Elle reconnaît des gestes commis au moment de la sieste, mais conteste toute intention de tuer. Au cœur des débats, des autopsies qui concluent à une asphyxie par suffocation et une question lourde : jusqu’où la maladie mentale pèse-t-elle sur la responsabilité pénale.
Le drame de Lamarque, chronologie d’un après-midi qui bascule
Le 19 décembre 2022, dans la commune de Lamarque en Gironde, la jeune mère installe ses deux bébés pour la sieste, vers midi. L’ordinaire d’un foyer s’installe, silencieux. Près de quatre heures plus tard, elle découvre qu’Ambre et Emma ne respirent plus.
Au téléphone, la panique affleure dans une phrase répétée, presque mécanique : « c’est ma faute ». Les secours sont alertés, des voisins interviennent et prodiguent des gestes de réanimation jusqu’à l’arrivée des pompiers. Ambre est déclarée morte sur place. Emma décède quelques heures plus tard au CHU de Bordeaux.
Cette séquence serrée dans le temps, avec ce silence de l’après-midi qui s’éternise, deviendra un axe central du procès. Elle dit l’isolement, la fatigue, mais aussi la matérialité des gestes. Car si la mère admet avoir posé un doudou sur le visage de ses jumelles, elle nie l’intention d’ôter la vie. Le dossier, lui, raconte autre chose, plus précis, plus implacable.
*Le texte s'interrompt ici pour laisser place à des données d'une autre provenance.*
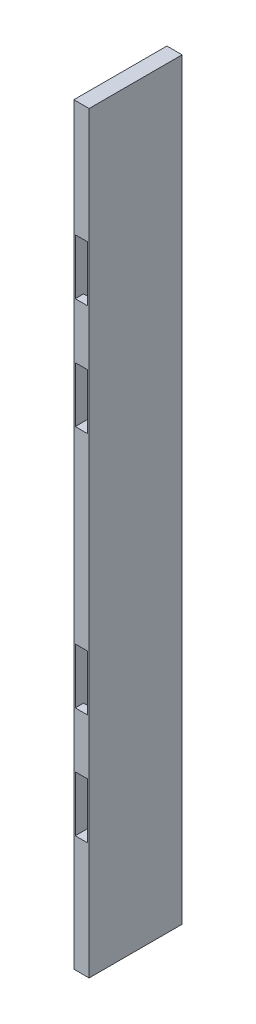
SolidWorks part; units mm, degrees
ref_plane "Top" through (0, 0, 0) normal (0, 0, 1) x (1, 0, 0)
ref_plane "Front" through (0, 0, 0) normal (0, 1, 0) x (1, 0, 0)
ref_plane "Right" through (0, 0, 0) normal (1, 0, 0) x (0, 0, -1)
sketch "Profile Sketch" plane through (0.0456, 0, -0.0242) normal (0, 1, 0) x (-1, 0, 0)
  line L0 (2.5456, -16.7758) -> (2.5456, 0.0242)
  line L1 (2.5456, 0.0242) -> (0.0456, 0.0242)
  line L2 (0.0456, 0.0242) -> (0.0456, -16.7758)
  line L3 (0.0456, -16.7758) -> (2.5456, -16.7758)
  line L12 (2.2956, 0.0242) -> (2.2956, -16.7758) construction
  dimension "D1" = 16.8
  dimension "D3" = 2.25
  dimension "Cover Thickness" = 0.25
extrude "Profile Extrude" add sketch "Profile Sketch" along normal blind 136
ref_plane "Mid Plane" through (0, 68, 0) normal (0, -1, 0) x (-1, 0, 0)
ref_plane "Right Cut Out Location" through (0, 36, 0) normal (0, -1, 0) x (-1, 0, 0)
ref_plane "Left Cut Out Location" through (0, 100, 0) normal (0, -1, 0) x (-1, 0, 0)
sketch "Cover Latch Cut Out Sketch" plane through (-2.5, 0, 0) normal (-1, 0, 0) x (0, 0, 1)
  line L0 (-16.8, 136) -> (-16.8, 0) construction
  line L4 (-16.8, 51) -> (-16.8, 21)
  line L5 (0, 31) -> (-1.5, 31)
  line L10 (0, 41) -> (0, 31) construction
  line L11 (0, 136) -> (0, 0) construction
  line L12 (-1.5, 31) -> (-2.1583, 36)
  line L13 (-2.1583, 36) -> (-1.5, 41)
  line L14 (-1.5, 41) -> (0, 41)
  line L15 (-2.1583, 36) -> (0, 36) construction
  line L16 (0, 41) -> (0, 51)
  line L17 (0, 51) -> (-16.8, 51)
  line L18 (0, 31) -> (0, 21)
  line L21 (0, 21) -> (-16.8, 21)
  point P3 (0, 68)
  dimension "D1" = 1.5
  dimension "D2" = 10
  dimension "D3" = 10
  dimension "D4" = 7.5
  dimension "Latch Position" = 32
extrude "Cover Latch Cut Out" cut sketch "Cover Latch Cut Out Sketch" against normal blind 2.25
mirror "Cover Latch Cut Out Mirror" about plane through (0, 68, 0) normal (0, -1, 0) of "Cover Latch Cut Out"
sketch "Side Sketch" plane through (0, 0, 0) normal (0, 1, 0) x (1, 0, 0)
  line L7 (-2.75, 16.8) -> (-2.5, 16.8)
  line L8 (-2.75, 16.8) -> (-2.75, 0)
  line L9 (-2.75, 0) -> (-2.5, 0)
  line L10 (-2.5, 16.8) -> (-2.5, 0)
  dimension "Cover Thickness" = 0.25
extrude "Side Extrude" add sketch "Side Sketch" along normal through all
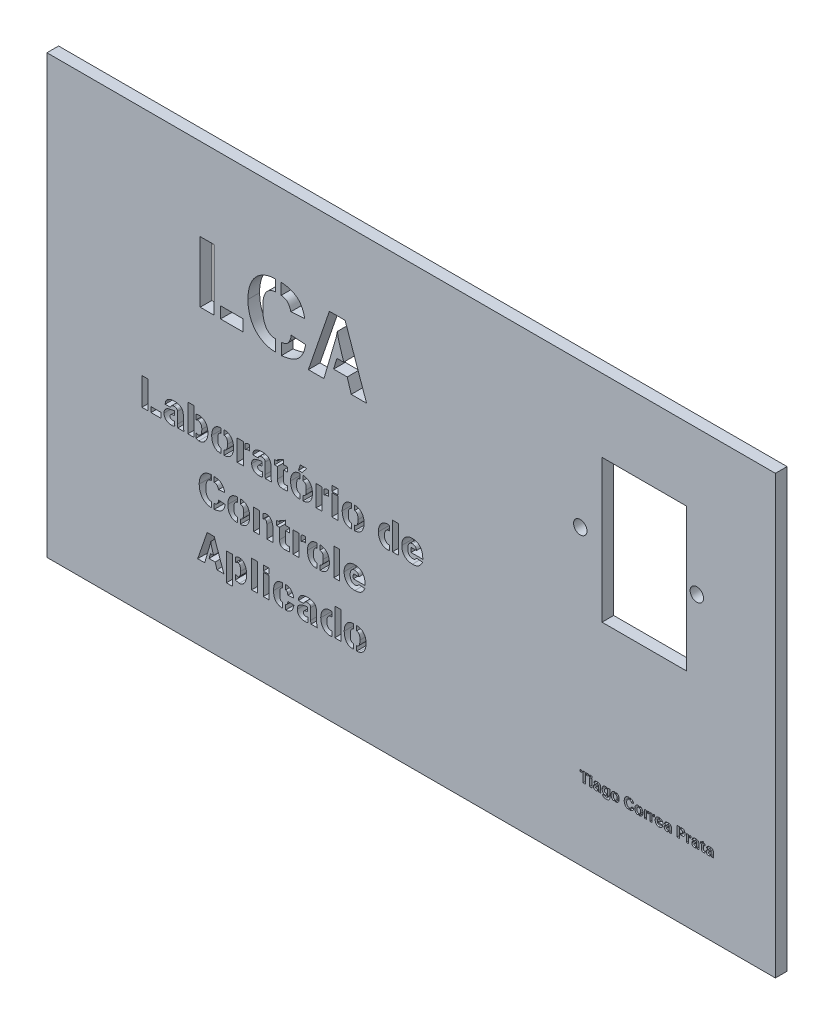
SolidWorks part; units mm, degrees
ref_plane "Front Plane" through (0, 0, 0) normal (0, 0, 1) x (1, 0, 0)
ref_plane "Top Plane" through (0, 0, 0) normal (0, 1, 0) x (1, 0, 0)
ref_plane "Right Plane" through (0, 0, 0) normal (1, 0, 0) x (0, 0, -1)
sketch "Sketch1" plane through (0, 0, 0) normal (0, 0, 1) x (1, 0, 0)
  line L1 (-112.8247, 64.3669) -> (137.1753, 64.3669)
  line L2 (-112.8247, 64.3669) -> (-112.8247, -85.6331)
  line L3 (-112.8247, -85.6331) -> (137.1753, -85.6331)
  line L4 (137.1753, 64.3669) -> (137.1753, -85.6331)
  dimension "D1" = 250
  dimension "D2" = 150
extrude "Boss-Extrude1" add sketch "Sketch1" along normal blind 4
sketch "Sketch2" plane through (0, 0, 4) normal (0, 0, 1) x (1, 0, 0)
  line L1 (77.6753, 39.3669) -> (106.6753, 39.3669)
  line L2 (77.6753, 39.3669) -> (77.6753, -9.6331)
  line L3 (77.6753, -9.6331) -> (106.6753, -9.6331)
  line L4 (106.6753, 39.3669) -> (106.6753, -9.6331)
  circle A0 centre (70.2084, 14.8669) radius 2.3
  circle A1 centre (110.2084, 14.8669) radius 2.3
  point P8 (77.6753, 14.8669)
  dimension "D3" = 40
  dimension "D1" = 29
  dimension "D2" = 49
extrude "Cut-Extrude1" cut sketch "Sketch2" against normal blind 4
sketch "Sketch4" plane through (0, 0, 4) normal (0, 0, 1) x (1, 0, 0)
  line L0 (49.1715, 64.3669) -> (49.1715, -85.6331) construction
  line L1 (-7.127, -60.6315) -> (49.1715, -60.6315) construction
  line L2 (137.1753, 64.3669) -> (-112.8247, 64.3669) construction
  line L3 (-112.8247, -85.6331) -> (137.1753, -85.6331) construction
  line L4 (49.1715, 15.0348) -> (-112.8247, 15.0348) construction
  line L5 (-112.8247, 64.3669) -> (-112.8247, -85.6331) construction
  line L6 (49.1715, -24.7136) -> (-112.8247, -24.7136) construction
  line L7 (49.1715, -60.6315) -> (137.1753, -60.6315) construction
  line L8 (137.1753, -85.6331) -> (137.1753, 64.3669) construction
  text T0 "LCA" font "Stencilia-A" height in points 80
  text T1 "Laboratório de\r\nControle\r\nAplicado" font "Stencilia-A" height in points 36
  text T2 "Tiago Correa Prata" font "Stencilia-A" height 3.5
extrude "Cut-Extrude2" cut sketch "Sketch4" against normal blind 4
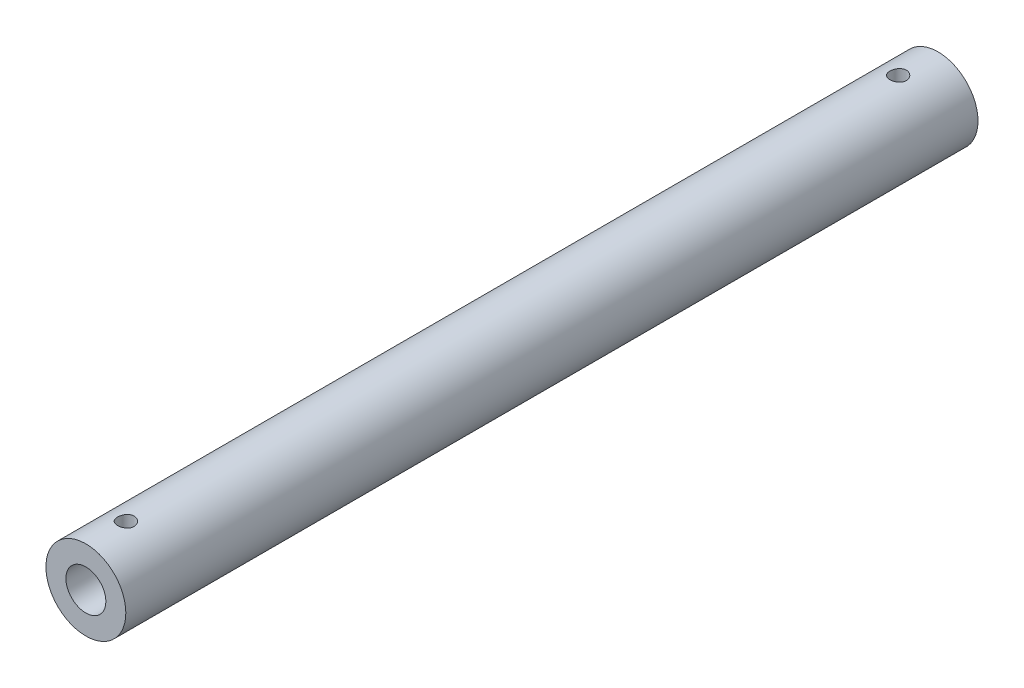
SolidWorks part; units mm, degrees
ref_plane "Front Plane" through (0, 0, 0) normal (0, 0, 1) x (1, 0, 0)
ref_plane "Top Plane" through (0, 0, 0) normal (0, 1, 0) x (1, 0, 0)
ref_plane "Right Plane" through (0, 0, 0) normal (1, 0, 0) x (0, 0, -1)
sketch "Sketch1" plane through (0, 0, 0) normal (0, 0, 1) x (1, 0, 0)
  circle A0 centre (0, 0) radius 15
  circle A1 centre (0, 0) radius 7.5
  dimension "D1" = 30
  dimension "D2" = 7.5
extrude "Boss-Extrude1" add sketch "Sketch1" along normal blind 160 and the other way blind 160
sketch "Sketch2" plane through (0, 0, 0) normal (0, 1, 0) x (1, 0, 0)
  line L0 (-15, -160) -> (15, -160) construction
  circle A0 centre (0, -145) radius 3.1
  dimension "D1" = 6.2
  dimension "D2" = 15
extrude "Cut-Extrude1" cut sketch "Sketch2" along normal through all
mirror "Mirror1" about plane through (0, 0, 0) normal (0, 0, 1) of "Cut-Extrude1"
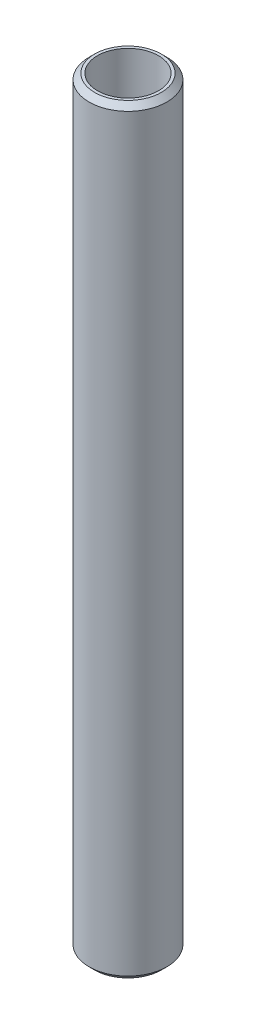
SolidWorks part; units mm, degrees
ref_plane "Front Plane" through (0, 0, 0) normal (0, 0, 1) x (1, 0, 0)
ref_plane "Top Plane" through (0, 0, 0) normal (0, 1, 0) x (1, 0, 0)
ref_plane "Right Plane" through (0, 0, 0) normal (1, 0, 0) x (0, 0, -1)
sketch "Sketch1" plane through (0, 0, 0) normal (0, 1, 0) x (1, 0, 0)
  circle A0 centre (0, 0) radius 20
  dimension "SHAFT_OD" = 40
extrude "Boss-Extrude1" add sketch "Sketch1" along normal blind 390.9582
sketch "Sketch2" plane through (0, 0, 0) normal (0, 1, 0) x (1, 0, 0)
  circle A0 centre (0, 0) radius 15.6857
  dimension "BORE_D" = 31.3713
extrude "Cut-Extrude1" cut sketch "Sketch2" along normal through all
chamfer "Chamfer1" distance 2.8534 angle 45 2 edges at (0, 390.9582, 20) (0, 0, 20)
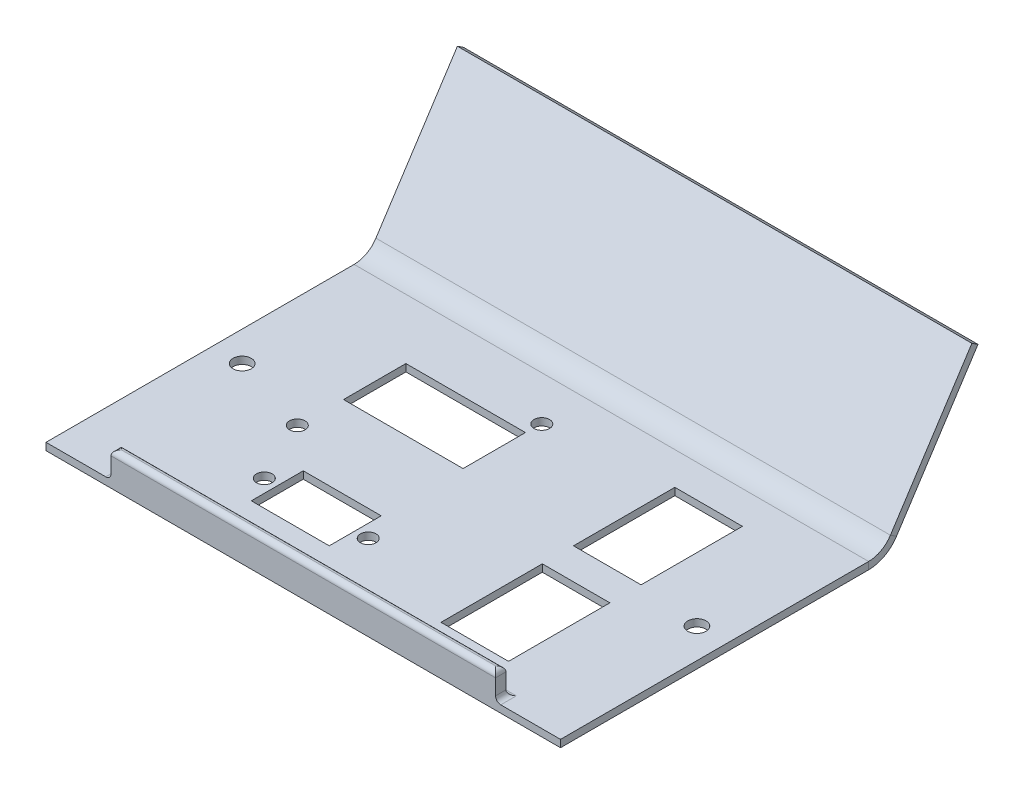
SolidWorks part; units mm, degrees
note: The reader was unsure of these and kept them because the rebuilt part matched: bend radius of "Pli de base1".
material "ABS"
ref_plane "Front" through (0, 0, 0) normal (0, 0, 1) x (1, 0, 0)
ref_plane "Top" through (0, 0, 0) normal (0, 1, 0) x (1, 0, 0)
ref_plane "Right" through (0, 0, 0) normal (1, 0, 0) x (0, 0, -1)
sketch "Esquisse1" plane through (0, 0, 0) normal (1, 0, 0) x (0, 0, -1)
  line L0 (0, 0) -> (62, 0)
  line L1 (62, 0) -> (79.1561, 26.4181)
  dimension "D1" = 62
  dimension "D2" = 31.5
  dimension "D3" = 57
base flange "Tôle de base pliée1" sketch "Esquisse1" end condition mid plane depth 99 reverse direction no thickness 1.4 reverse thickness direction no bend radius 5
bend "Pli de base1" bend radius 5 bend angle 57 parameters "D5"=1
sketch "Esquisse6" plane through (0, -1.4, 0) normal (0, -1, 0) x (1, 0, 0)
  line L1 (0, -50) -> (0, 50) construction
  line L2 (49.5, 0) -> (-49.5, 0) construction
  circle A0 centre (-43.75, -32) radius 1.75
  circle A2 centre (43.75, -32) radius 1.75
  dimension "D1" = 87.5
  dimension "D2" = 3.5
  dimension "D3" = 32
extrude "Enlèv. mat.-Extru.1" cut sketch "Esquisse6" against normal through all normal cut yes
sketch "Esquisse7" plane through (0, -1.4, 0) normal (0, -1, 0) x (1, 0, 0)
  line L5 (18.5, -8) -> (31.5, -8)
  line L6 (18.5, -8) -> (18.5, -27.5)
  line L7 (18.5, -27.5) -> (31.5, -27.5)
  line L8 (31.5, -8) -> (31.5, -27.5)
  line L13 (49.5, 0) -> (-49.5, 0) construction
  line L14 (-16.5, -35.75) -> (-16.5, -38.875) construction
  line L15 (-28, -35.75) -> (-5, -35.75)
  line L16 (-28, -35.75) -> (-28, -47.75)
  line L17 (-28, -47.75) -> (-5, -47.75)
  line L18 (-5, -35.75) -> (-5, -47.75)
  line L19 (-16.5, -38.875) -> (-28, -38.875) construction
  line L20 (49.5, -30.5) -> (31.5, -30.5) construction
  line L21 (-49.5, 0) -> (-49.5, -59.2852) construction
  line L22 (18.5, -33.5) -> (31.5, -33.5)
  line L23 (31.5, -53) -> (31.5, -33.5)
  line L24 (18.5, -53) -> (31.5, -53)
  line L25 (18.5, -53) -> (18.5, -33.5)
  line L26 (49.5, 0) -> (49.5, -59.2852) construction
  line L27 (-12.5, -20) -> (-12.5, -10) construction
  line L28 (-2.85, -52.75) -> (-30.15, -52.75) construction
  line L29 (-2.85, -52.75) -> (-2.85, -25) construction
  line L30 (-2.85, -25) -> (-30.15, -25) construction
  line L31 (-30.15, -52.75) -> (-30.15, -25) construction
  line L32 (-5, -20) -> (-20, -20)
  line L33 (-5, -20) -> (-5, -10)
  line L34 (-5, -10) -> (-20, -10)
  line L35 (-20, -20) -> (-20, -10)
  circle A0 centre (-28.15, -27) radius 1.5
  circle A1 centre (-28.15, -50.75) radius 1.5 construction
  circle A2 centre (-4.85, -50.75) radius 1.5
  circle A3 centre (-4.85, -27) radius 1.5 construction
  circle A4 centre (-2.5, -15) radius 1.5
  circle A5 centre (-22.5, -15) radius 1.5
  point P32 (-16.5, -52.75)
  point P33 (-30.15, -38.875)
  point P34 (-5, -41.75)
  point P49 (-12.5, -15)
  dimension "D5" = 12
  dimension "D7" = 2
  dimension "D8" = 2
  dimension "D10" = 3
  dimension "D15" = 20
  dimension "D19" = 3
  dimension "D20" = 15
  dimension "D1" = 13
  dimension "D2" = 19.5
  dimension "D3" = 18
  dimension "D4" = 8
  dimension "D6" = 23
  dimension "D9" = 27.3
  dimension "D11" = 6
  dimension "D12" = 33
  dimension "D13" = 27.75
  dimension "D14" = 25
  dimension "D16" = 15
  dimension "D17" = 11
  dimension "D18" = 10
extrude "Enlèv. mat.-Extru.2" cut sketch "Esquisse7" against normal blind 1.4 normal cut yes
sketch "Esquisse10" plane through (0, -1.4, 0) normal (0, -1, 0) x (1, 0, 0)
  line L4 (-49.5, 0) -> (-49.5, -59.2852)
  line L5 (-49.5, -59.2852) -> (49.5, -59.2852)
  line L6 (49.5, -59.2852) -> (49.5, 0)
  line L7 (49.5, 0) -> (-49.5, 0)
  line L8 (-49.5, 0) -> (-49.5, -59.2852)
  line L9 (-49.5, -59.2852) -> (49.5, -59.2852)
  line L10 (49.5, -59.2852) -> (49.5, 0)
  line L11 (49.5, 0) -> (-49.5, 0)
  dimension "D1" = 0
extrude "Boss.-Extru.1" [suppressed] add sketch "Esquisse10" against normal blind 0.2
sketch "Esquisse11" plane through (0, 0, 0) normal (0, 1, 0) x (1, 0, 0)
  line L1 (-37, 2) -> (37, 2)
  line L2 (-37, 2) -> (-37, 0)
  line L3 (-37, 0) -> (37, 0)
  line L4 (37, 2) -> (37, 0)
  dimension "D1" = 2
  dimension "D2" = 74
extrude "Boss.-Extru.2" add sketch "Esquisse11" along normal blind 5
fillet "Congé1" radius 1 7 edges at (37, 0, -1) (0, 0, -2) (-37, 0, -1) (0, 5, -2) (37, 5, -1) (0, 5, 0) (-37, 5, -1)
sketch "Lignes de pliage1" [suppressed] plane through (0, 0, 0) normal (0, 1, 0) x (1, 0, 0)
sketch "Cube de visualisation1" [suppressed] plane through (0, 0, 0) normal (0, 1, 0) x (1, 0, 0)
sheet metal parameters "Tôlerie1" thickness 1.4 parameters "D1"=5
flat pattern "Etat déplié1" [suppressed]
sketch "Lignes de pliage2" plane through (0, 0, 0) normal (0, 1, 0) x (1, 0, 0)
  line L0 (-45, 66.16) -> (45, 66.16) construction
  line L1 (-45, 66.16) -> (45, 66.16) construction
sketch3d "Cube de visualisation2" [suppressed]
  line L0 (-90, 111.5678, 0) -> (-90, 0, 0) construction
  line L1 (0, 111.5678, 0) -> (0, 0, 0) construction
  line L2 (-90, 111.5678, 0) -> (0, 111.5678, 0) construction
  line L3 (-90, 0, 0) -> (0, 0, 0) construction
bend of the flat pattern "Dépliage-<Pli de base1>1"
sheet metal parameters "Tôlerie2" thickness 1.4 parameters "D1"=5
flat pattern "Etat déplié1"
sketch "Lignes de pliage2" plane through (0, 0, 0) normal (0, 1, 0) x (1, 0, 0)
  line L0 (-49.5, 62.1205) -> (49.5, 62.1205) construction
  line L1 (-49.5, 62.1205) -> (49.5, 62.1205) construction
sketch3d "Cube de visualisation2" [suppressed]
  line L0 (0, 0, 0) -> (-99, 0, 0) construction
  line L1 (0, 93.741, 0) -> (-99, 93.741, 0) construction
  line L2 (0, 0, 0) -> (0, 93.741, 0) construction
  line L3 (-99, 0, 0) -> (-99, 93.741, 0) construction
bend of the flat pattern "Dépliage-<Pli de base1>1"
sheet metal parameters "Tôlerie3" thickness 1.4 parameters "D1"=5
flat pattern "Etat déplié1"
sketch "Lignes de pliage2" plane through (0, 0, 0) normal (0, 1, 0) x (1, 0, 0)
  line L0 (-49.5, 62.1205) -> (49.5, 62.1205) construction
  line L1 (-49.5, 62.1205) -> (49.5, 62.1205) construction
sketch3d "Cube de visualisation2" [suppressed]
  line L0 (0, 0, 0) -> (-99, 0, 0) construction
  line L1 (0, 93.741, 0) -> (-99, 93.741, 0) construction
  line L2 (0, 0, 0) -> (0, 93.741, 0) construction
  line L3 (-99, 0, 0) -> (-99, 93.741, 0) construction
bend of the flat pattern "Dépliage-<Pli de base1>1"
sheet metal parameters "Tôlerie6" thickness 1.4 parameters "D1"=5
flat pattern "Etat déplié1"
sketch "Lignes de pliage2" plane through (0, 0, 0) normal (0, 1, 0) x (1, 0, 0)
  line L0 (-49.5, 62.1205) -> (49.5, 62.1205) construction
  line L1 (-49.5, 62.1205) -> (49.5, 62.1205) construction
sketch3d "Cube de visualisation2" [suppressed]
  line L0 (0, 0, -1.4) -> (-99, 0, -1.4) construction
  line L1 (0, 93.741, -1.4) -> (-99, 93.741, -1.4) construction
  line L2 (0, 0, -1.4) -> (0, 93.741, -1.4) construction
  line L3 (-99, 0, -1.4) -> (-99, 93.741, -1.4) construction
bend of the flat pattern "Dépliage-<Pli de base1>1"

Crédit : GFreihalter, CC BY-SA 3.0
Une mère sous traitement, un suivi en hôpital de jour, des signaux qui s’accumulent
Deux semaines auparavant, la trentenaire sortait de l’unité mère-enfant du centre hospitalier Charles-Perrens à Bordeaux, après deux mois d’hospitalisation pour dépression du post-partum. Elle poursuivait un suivi en hôpital de jour, avec traitement. Dans ses messages, un appel au secours affleure : « il me faut de l’aide », écrit-elle début octobre à son mari, redoutant de « faire une connerie » ou de devoir « faire adopter » ses enfants.
Ce type de formulation revient souvent dans les dossiers où l’épuisement maternel serre l’étau, entre nuits hachées, pleurs, et culpabilité. Mais saviez-vous que ces SMS, replacés dans une chronologie psychiatrique, pèsent parfois autant que des expertises complètes au moment d’évaluer la dangerosité immédiate au domicile ?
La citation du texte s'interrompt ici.